- _EXERCISE OBJECTIVE_
Copy each line from the data that has the word "Library" in it.

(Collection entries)
--- START ---
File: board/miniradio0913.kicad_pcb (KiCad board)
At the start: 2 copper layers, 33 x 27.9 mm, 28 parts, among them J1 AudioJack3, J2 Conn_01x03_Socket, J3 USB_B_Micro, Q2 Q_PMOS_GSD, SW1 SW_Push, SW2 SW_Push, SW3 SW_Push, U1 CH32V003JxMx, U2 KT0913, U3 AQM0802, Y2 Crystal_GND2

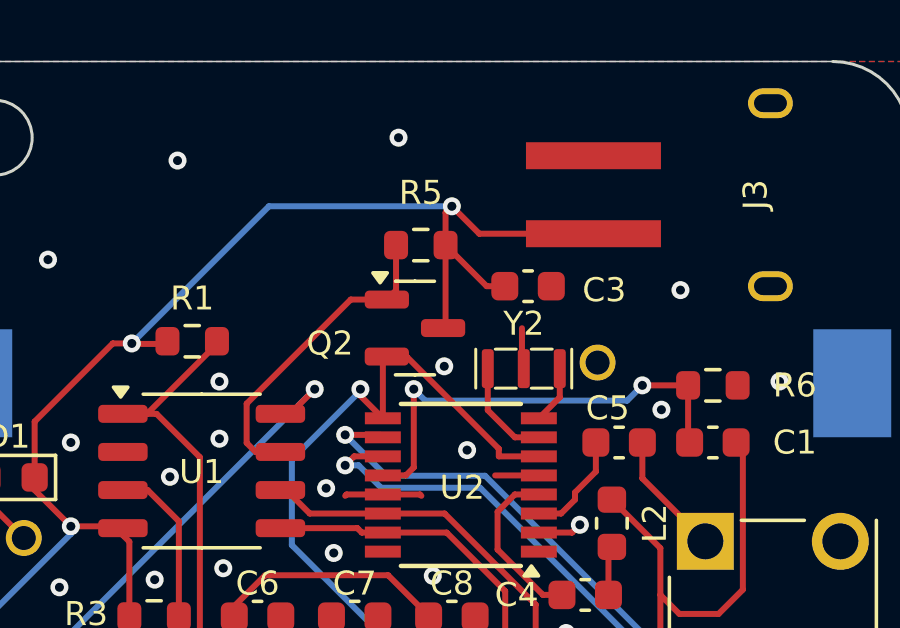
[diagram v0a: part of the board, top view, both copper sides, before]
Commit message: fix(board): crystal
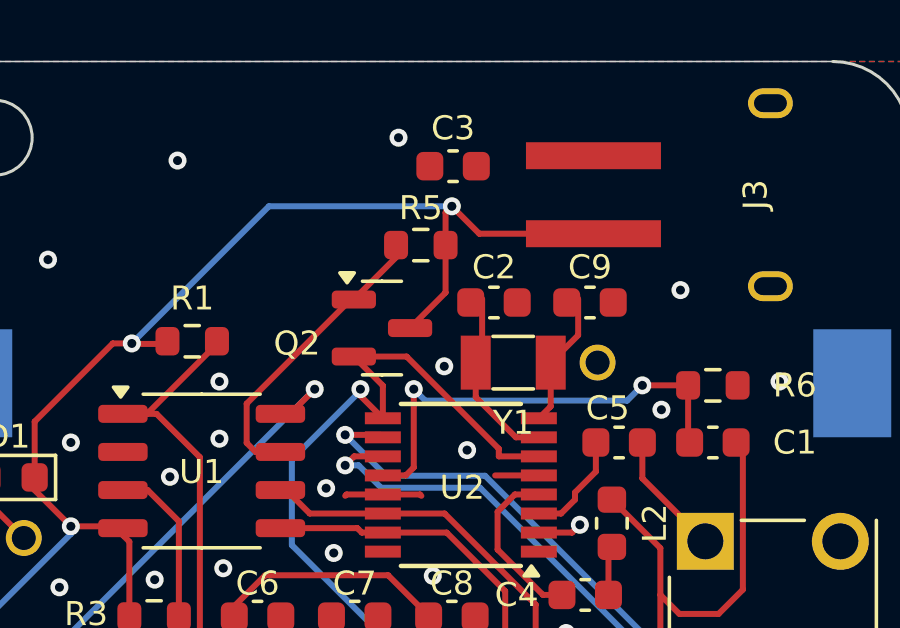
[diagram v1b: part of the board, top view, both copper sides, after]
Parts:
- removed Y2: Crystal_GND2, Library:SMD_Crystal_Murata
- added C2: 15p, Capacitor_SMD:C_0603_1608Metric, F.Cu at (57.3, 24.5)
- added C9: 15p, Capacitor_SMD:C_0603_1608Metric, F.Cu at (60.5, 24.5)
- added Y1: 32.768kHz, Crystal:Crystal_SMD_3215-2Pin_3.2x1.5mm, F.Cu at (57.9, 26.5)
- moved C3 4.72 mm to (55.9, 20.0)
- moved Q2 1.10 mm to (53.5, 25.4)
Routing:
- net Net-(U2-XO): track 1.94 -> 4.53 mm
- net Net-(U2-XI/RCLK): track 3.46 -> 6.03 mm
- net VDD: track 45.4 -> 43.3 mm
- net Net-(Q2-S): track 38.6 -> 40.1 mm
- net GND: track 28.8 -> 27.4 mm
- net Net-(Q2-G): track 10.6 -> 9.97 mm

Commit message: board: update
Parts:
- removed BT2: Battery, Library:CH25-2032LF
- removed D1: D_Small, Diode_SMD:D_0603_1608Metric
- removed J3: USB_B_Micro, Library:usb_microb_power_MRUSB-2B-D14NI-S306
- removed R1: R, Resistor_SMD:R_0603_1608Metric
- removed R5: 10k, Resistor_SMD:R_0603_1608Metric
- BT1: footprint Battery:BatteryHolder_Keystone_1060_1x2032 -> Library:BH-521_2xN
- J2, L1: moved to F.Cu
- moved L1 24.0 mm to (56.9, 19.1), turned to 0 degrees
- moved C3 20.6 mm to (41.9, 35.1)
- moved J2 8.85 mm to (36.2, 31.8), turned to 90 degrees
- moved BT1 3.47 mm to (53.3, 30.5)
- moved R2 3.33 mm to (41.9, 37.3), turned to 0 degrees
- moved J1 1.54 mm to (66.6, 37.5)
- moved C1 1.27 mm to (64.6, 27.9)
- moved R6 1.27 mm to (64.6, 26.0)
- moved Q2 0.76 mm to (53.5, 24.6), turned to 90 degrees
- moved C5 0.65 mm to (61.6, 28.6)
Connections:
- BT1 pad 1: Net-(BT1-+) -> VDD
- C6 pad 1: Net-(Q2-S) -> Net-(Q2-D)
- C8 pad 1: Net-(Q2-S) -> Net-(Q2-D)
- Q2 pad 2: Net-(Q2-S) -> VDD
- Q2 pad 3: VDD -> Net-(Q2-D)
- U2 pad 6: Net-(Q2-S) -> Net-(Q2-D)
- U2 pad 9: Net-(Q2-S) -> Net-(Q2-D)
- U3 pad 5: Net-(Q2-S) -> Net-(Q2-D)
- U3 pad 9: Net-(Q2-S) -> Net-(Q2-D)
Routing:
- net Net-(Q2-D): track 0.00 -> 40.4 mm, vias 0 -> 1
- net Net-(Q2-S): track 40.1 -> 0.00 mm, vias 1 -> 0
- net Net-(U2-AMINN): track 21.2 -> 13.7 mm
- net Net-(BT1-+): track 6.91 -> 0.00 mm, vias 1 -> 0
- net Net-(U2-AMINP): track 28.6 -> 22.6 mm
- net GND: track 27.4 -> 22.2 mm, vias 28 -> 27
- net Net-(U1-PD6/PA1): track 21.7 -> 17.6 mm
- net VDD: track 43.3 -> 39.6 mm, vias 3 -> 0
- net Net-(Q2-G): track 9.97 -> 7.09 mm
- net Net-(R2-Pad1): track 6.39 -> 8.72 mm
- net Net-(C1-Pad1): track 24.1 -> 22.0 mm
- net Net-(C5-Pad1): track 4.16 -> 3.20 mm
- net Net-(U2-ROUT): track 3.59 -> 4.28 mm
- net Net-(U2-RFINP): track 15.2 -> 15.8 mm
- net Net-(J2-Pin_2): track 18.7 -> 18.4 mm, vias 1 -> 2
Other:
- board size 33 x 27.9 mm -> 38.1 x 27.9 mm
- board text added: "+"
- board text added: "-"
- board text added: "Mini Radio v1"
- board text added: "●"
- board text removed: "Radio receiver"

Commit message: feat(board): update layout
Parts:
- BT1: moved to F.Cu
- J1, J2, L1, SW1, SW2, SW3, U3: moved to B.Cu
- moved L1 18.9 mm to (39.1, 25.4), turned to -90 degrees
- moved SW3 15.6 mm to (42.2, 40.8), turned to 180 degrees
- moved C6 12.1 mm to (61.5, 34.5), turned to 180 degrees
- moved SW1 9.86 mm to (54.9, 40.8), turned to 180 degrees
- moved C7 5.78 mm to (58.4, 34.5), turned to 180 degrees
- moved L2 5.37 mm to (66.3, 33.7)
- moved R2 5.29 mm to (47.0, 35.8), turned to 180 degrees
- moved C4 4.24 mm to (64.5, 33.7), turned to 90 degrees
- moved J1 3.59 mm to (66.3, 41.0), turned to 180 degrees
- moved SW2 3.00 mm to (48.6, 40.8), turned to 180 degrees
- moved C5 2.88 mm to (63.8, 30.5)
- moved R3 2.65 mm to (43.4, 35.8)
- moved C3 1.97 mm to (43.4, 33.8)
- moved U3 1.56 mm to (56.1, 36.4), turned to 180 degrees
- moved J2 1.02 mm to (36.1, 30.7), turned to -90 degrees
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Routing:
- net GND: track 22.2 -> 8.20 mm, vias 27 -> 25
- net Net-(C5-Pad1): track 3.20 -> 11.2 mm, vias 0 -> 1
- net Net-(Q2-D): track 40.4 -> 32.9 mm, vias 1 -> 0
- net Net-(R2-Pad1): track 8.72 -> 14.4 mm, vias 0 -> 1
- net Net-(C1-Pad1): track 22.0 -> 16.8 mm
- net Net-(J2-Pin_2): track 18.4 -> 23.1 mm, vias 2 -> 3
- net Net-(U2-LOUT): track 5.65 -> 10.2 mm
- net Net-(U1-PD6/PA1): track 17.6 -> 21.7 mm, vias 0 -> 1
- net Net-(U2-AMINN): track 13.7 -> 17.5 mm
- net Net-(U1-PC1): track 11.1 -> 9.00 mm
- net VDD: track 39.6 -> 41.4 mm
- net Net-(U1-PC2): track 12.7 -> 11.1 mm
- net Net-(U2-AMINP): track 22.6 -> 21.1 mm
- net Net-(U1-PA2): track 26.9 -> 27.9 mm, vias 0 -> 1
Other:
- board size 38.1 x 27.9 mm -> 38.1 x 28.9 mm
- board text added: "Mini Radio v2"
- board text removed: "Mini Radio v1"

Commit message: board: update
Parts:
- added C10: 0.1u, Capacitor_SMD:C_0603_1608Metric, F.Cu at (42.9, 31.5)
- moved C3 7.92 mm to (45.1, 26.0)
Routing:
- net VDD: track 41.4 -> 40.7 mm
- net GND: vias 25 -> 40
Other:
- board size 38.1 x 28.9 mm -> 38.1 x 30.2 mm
--- END ---
- _SOLUTION_
- removed Y2: Crystal_GND2, Library:SMD_Crystal_Murata
- removed BT2: Battery, Library:CH25-2032LF
- removed J3: USB_B_Micro, Library:usb_microb_power_MRUSB-2B-D14NI-S306
- BT1: footprint Battery:BatteryHolder_Keystone_1060_1x2032 -> Library:BH-521_2xN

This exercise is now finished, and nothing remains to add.